Towards the end of the First World War, Great Britain considered imposing a wealth tax. Throughout the war, Great Britain not only had to equip and supply its own forces, it also had to advance funds to its allies France, Russia and Italy since none of them had enough cash to purchase necessary war matériel. By 1917, the cost of the war, including subsidies to allies, had put unprecedented strain on Britain’s national budget.

During the first three years of the war, taxation rates in Great Britain had increased significantly, and the levels of income to which the tax was applied were lowered. In consequence, many segments of the population that had never before paid income taxes were moved onto the tax rolls. This was accompanied by some erosion of civilian support for the war. In Parliament, Labor members argued that the working classes were bearing a disproportionate share of the war’s cost. Coal miners in South Wales even staged a tax strike in 1917. Labor proposed a tax on capital to ease the deficit, but the Tory constituencies opposed additional taxation generally, and a levy on capital in particular.

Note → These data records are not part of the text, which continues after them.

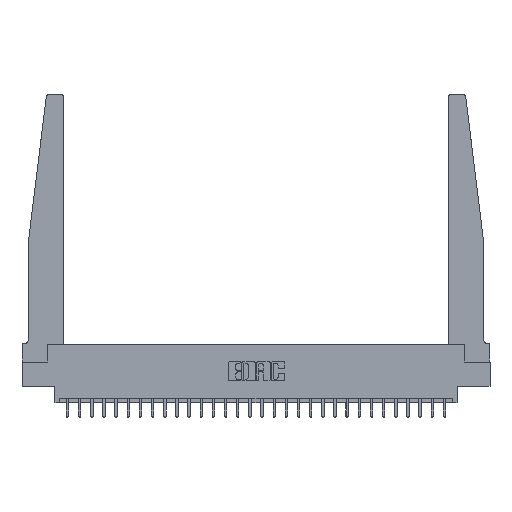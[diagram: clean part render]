
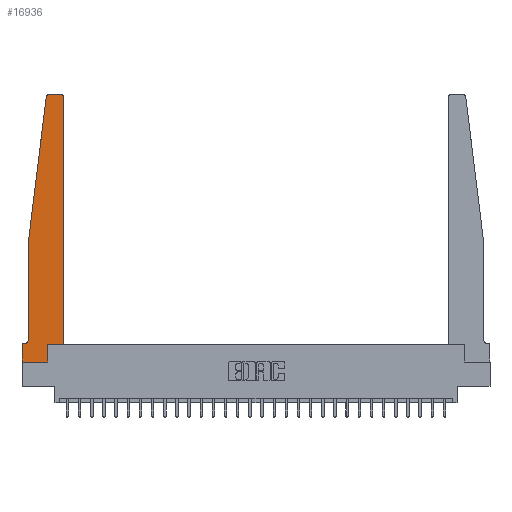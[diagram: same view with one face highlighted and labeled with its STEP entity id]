
A CAD part, top view. The second image highlights one B-rep face of the part: STEP entity #16936.
In plain terms, the highlighted planar face has unit normal (0, 0, 1).
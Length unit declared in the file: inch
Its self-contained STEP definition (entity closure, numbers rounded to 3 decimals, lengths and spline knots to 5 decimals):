
#99 = EDGE_CURVE ( 'NONE', #885, #4357, #22061, .T. ) ;
#605 = CIRCLE ( 'NONE', #16659, 0.03 ) ;
#853 = VECTOR ( 'NONE', #23031, 39.37008 ) ;
#885 = VERTEX_POINT ( 'NONE', #8720 ) ;
#1101 = VERTEX_POINT ( 'NONE', #27174 ) ;
#1160 = ORIENTED_EDGE ( 'NONE', *, *, #11909, .T. ) ;
#1626 = CIRCLE ( 'NONE', #13617, 0.05 ) ;
#1880 = VECTOR ( 'NONE', #22052, 39.37008 ) ;
#2283 = VECTOR ( 'NONE', #20394, 39.37008 ) ;
#3335 = VERTEX_POINT ( 'NONE', #16744 ) ;
#3456 = CARTESIAN_POINT ( 'NONE',  ( 0.065, 1.25, 0.37 ) ) ;
#3464 = LINE ( 'NONE', #22150, #26814 ) ;
#3515 = EDGE_CURVE ( 'NONE', #10963, #885, #18518, .T. ) ;
#3755 = FACE_OUTER_BOUND ( 'NONE', #26414, .T. ) ;
#4357 = VERTEX_POINT ( 'NONE', #10620 ) ;
#4705 = EDGE_CURVE ( 'NONE', #25461, #19158, #12986, .T. ) ;
#4742 = ORIENTED_EDGE ( 'NONE', *, *, #22814, .T. ) ;
#4968 = CARTESIAN_POINT ( 'NONE',  ( 0., 0., 0.37 ) ) ;
#5048 = CARTESIAN_POINT ( 'NONE',  ( 0.015, 0.2375, 0.37 ) ) ;
#5085 = ORIENTED_EDGE ( 'NONE', *, *, #99, .T. ) ;
#5140 = VERTEX_POINT ( 'NONE', #25248 ) ;
#5553 = CARTESIAN_POINT ( 'NONE',  ( 0.425, 0.18, 0.37 ) ) ;
#5605 = CARTESIAN_POINT ( 'NONE',  ( 0.27653, 2.72, 0.37 ) ) ;
#5918 = ORIENTED_EDGE ( 'NONE', *, *, #9571, .T. ) ;
#6142 = ORIENTED_EDGE ( 'NONE', *, *, #4705, .T. ) ;
#6146 = VERTEX_POINT ( 'NONE', #9194 ) ;
#6763 = DIRECTION ( 'NONE',  ( 0., 0., 1. ) ) ;
#6978 = EDGE_CURVE ( 'NONE', #4357, #20172, #605, .T. ) ;
#7361 = EDGE_CURVE ( 'NONE', #20172, #25461, #10110, .T. ) ;
#7499 = LINE ( 'NONE', #22163, #22577 ) ;
#7925 = AXIS2_PLACEMENT_3D ( 'NONE', #18672, #12775, #19354 ) ;
#8519 = AXIS2_PLACEMENT_3D ( 'NONE', #5605, #18164, #12001 ) ;
#8720 = CARTESIAN_POINT ( 'NONE',  ( 0.425, 0.18, 0.37 ) ) ;
#8922 = DIRECTION ( 'NONE',  ( 0., 0., -1. ) ) ;
#9194 = CARTESIAN_POINT ( 'NONE',  ( 0.2605, 0., 0.37 ) ) ;
#9571 = EDGE_CURVE ( 'NONE', #5140, #1101, #1626, .T. ) ;
#9911 = LINE ( 'NONE', #13819, #2283 ) ;
#9923 = LINE ( 'NONE', #18439, #853 ) ;
#10110 = LINE ( 'NONE', #24920, #21140 ) ;
#10155 = PLANE ( 'NONE',  #7925 ) ;
#10620 = CARTESIAN_POINT ( 'NONE',  ( 0.425, 2.72, 0.37 ) ) ;
#10768 = ORIENTED_EDGE ( 'NONE', *, *, #6978, .T. ) ;
#10963 = VERTEX_POINT ( 'NONE', #26828 ) ;
#11257 = DIRECTION ( 'NONE',  ( -0.122, -0.992, 0. ) ) ;
#11683 = VECTOR ( 'NONE', #14190, 39.37008 ) ;
#11909 = EDGE_CURVE ( 'NONE', #19158, #13126, #7499, .T. ) ;
#11926 = DIRECTION ( 'NONE',  ( 0., -1., 0. ) ) ;
#12001 = DIRECTION ( 'NONE',  ( 1., 0., 0. ) ) ;
#12775 = DIRECTION ( 'NONE',  ( 0., 0., 1. ) ) ;
#12957 = ORIENTED_EDGE ( 'NONE', *, *, #3515, .T. ) ;
#12986 = CIRCLE ( 'NONE', #8519, 0.03 ) ;
#13126 = VERTEX_POINT ( 'NONE', #21174 ) ;
#13617 = AXIS2_PLACEMENT_3D ( 'NONE', #5048, #8922, #19832 ) ;
#13819 = CARTESIAN_POINT ( 'NONE',  ( 0., 0., 0.37 ) ) ;
#14190 = DIRECTION ( 'NONE',  ( 1., 0., 0. ) ) ;
#15193 = LINE ( 'NONE', #23731, #1880 ) ;
#15850 = ORIENTED_EDGE ( 'NONE', *, *, #17234, .T. ) ;
#16114 = EDGE_CURVE ( 'NONE', #3335, #20441, #9911, .T. ) ;
#16659 = AXIS2_PLACEMENT_3D ( 'NONE', #19468, #6763, #19608 ) ;
#16744 = CARTESIAN_POINT ( 'NONE',  ( 0., 0.1875, 0.37 ) ) ;
#16936 = ADVANCED_FACE ( 'NONE', ( #3755 ), #10155, .T. ) ;
#17234 = EDGE_CURVE ( 'NONE', #13126, #5140, #23091, .T. ) ;
#18164 = DIRECTION ( 'NONE',  ( 0., 0., 1. ) ) ;
#18439 = CARTESIAN_POINT ( 'NONE',  ( 0.2605, 0.18, 0.37 ) ) ;
#18484 = DIRECTION ( 'NONE',  ( -1., 0., 0. ) ) ;
#18518 = LINE ( 'NONE', #5553, #11683 ) ;
#18672 = CARTESIAN_POINT ( 'NONE',  ( 0., 0.1875, 0.37 ) ) ;
#19158 = VERTEX_POINT ( 'NONE', #24325 ) ;
#19340 = VECTOR ( 'NONE', #26129, 39.37008 ) ;
#19354 = DIRECTION ( 'NONE',  ( 1., 0., 0. ) ) ;
#19396 = EDGE_CURVE ( 'NONE', #6146, #10963, #9923, .T. ) ;
#19468 = CARTESIAN_POINT ( 'NONE',  ( 0.395, 2.72, 0.37 ) ) ;
#19608 = DIRECTION ( 'NONE',  ( 1., 0., 0. ) ) ;
#19677 = ORIENTED_EDGE ( 'NONE', *, *, #7361, .T. ) ;
#19832 = DIRECTION ( 'NONE',  ( -1., 0., 0. ) ) ;
#20172 = VERTEX_POINT ( 'NONE', #24532 ) ;
#20213 = CARTESIAN_POINT ( 'NONE',  ( 0.27653, 2.75, 0.37 ) ) ;
#20394 = DIRECTION ( 'NONE',  ( 0., -1., 0. ) ) ;
#20441 = VERTEX_POINT ( 'NONE', #4968 ) ;
#20899 = VECTOR ( 'NONE', #11926, 39.37008 ) ;
#21140 = VECTOR ( 'NONE', #18484, 39.37008 ) ;
#21174 = CARTESIAN_POINT ( 'NONE',  ( 0.065, 1.25, 0.37 ) ) ;
#21768 = CARTESIAN_POINT ( 'NONE',  ( 0.425, 0.18, 0.37 ) ) ;
#22034 = EDGE_CURVE ( 'NONE', #20441, #6146, #3464, .T. ) ;
#22052 = DIRECTION ( 'NONE',  ( -1., 0., 0. ) ) ;
#22061 = LINE ( 'NONE', #21768, #19340 ) ;
#22150 = CARTESIAN_POINT ( 'NONE',  ( 0., 0., 0.37 ) ) ;
#22163 = CARTESIAN_POINT ( 'NONE',  ( 0.065, 1.25, 0.37 ) ) ;
#22577 = VECTOR ( 'NONE', #11257, 39.37008 ) ;
#22814 = EDGE_CURVE ( 'NONE', #1101, #3335, #15193, .T. ) ;
#23031 = DIRECTION ( 'NONE',  ( 0., 1., 0. ) ) ;
#23091 = LINE ( 'NONE', #3456, #20899 ) ;
#23584 = ORIENTED_EDGE ( 'NONE', *, *, #22034, .T. ) ;
#23731 = CARTESIAN_POINT ( 'NONE',  ( 0.065, 0.1875, 0.37 ) ) ;
#24325 = CARTESIAN_POINT ( 'NONE',  ( 0.24675, 2.72367, 0.37 ) ) ;
#24532 = CARTESIAN_POINT ( 'NONE',  ( 0.395, 2.75, 0.37 ) ) ;
#24706 = ORIENTED_EDGE ( 'NONE', *, *, #19396, .T. ) ;
#24920 = CARTESIAN_POINT ( 'NONE',  ( 0.25, 2.75, 0.37 ) ) ;
#25248 = CARTESIAN_POINT ( 'NONE',  ( 0.065, 0.2375, 0.37 ) ) ;
#25461 = VERTEX_POINT ( 'NONE', #20213 ) ;
#26129 = DIRECTION ( 'NONE',  ( 0., 1., 0. ) ) ;
#26414 = EDGE_LOOP ( 'NONE', ( #19677, #6142, #1160, #15850, #5918, #4742, #26678, #23584, #24706, #12957, #5085, #10768 ) ) ;
#26678 = ORIENTED_EDGE ( 'NONE', *, *, #16114, .T. ) ;
#26779 = DIRECTION ( 'NONE',  ( 1., 0., 0. ) ) ;
#26814 = VECTOR ( 'NONE', #26779, 39.37008 ) ;
#26828 = CARTESIAN_POINT ( 'NONE',  ( 0.2605, 0.18, 0.37 ) ) ;
#27174 = CARTESIAN_POINT ( 'NONE',  ( 0.015, 0.1875, 0.37 ) ) ;

Ultimately, the British Treasury rejected any capital levy over concerns that it would cause a slump in asset prices because asset holders would try to raise capital by sales of those assets. That would depress capital markets and, most worrisome of all, possibly reduce the United States’ confidence in the soundness of Britain’s economy.

Of course today, despite nearly two decades of continuous foreign wars, the U.S. is not in the position Great Britain occupied in 1917.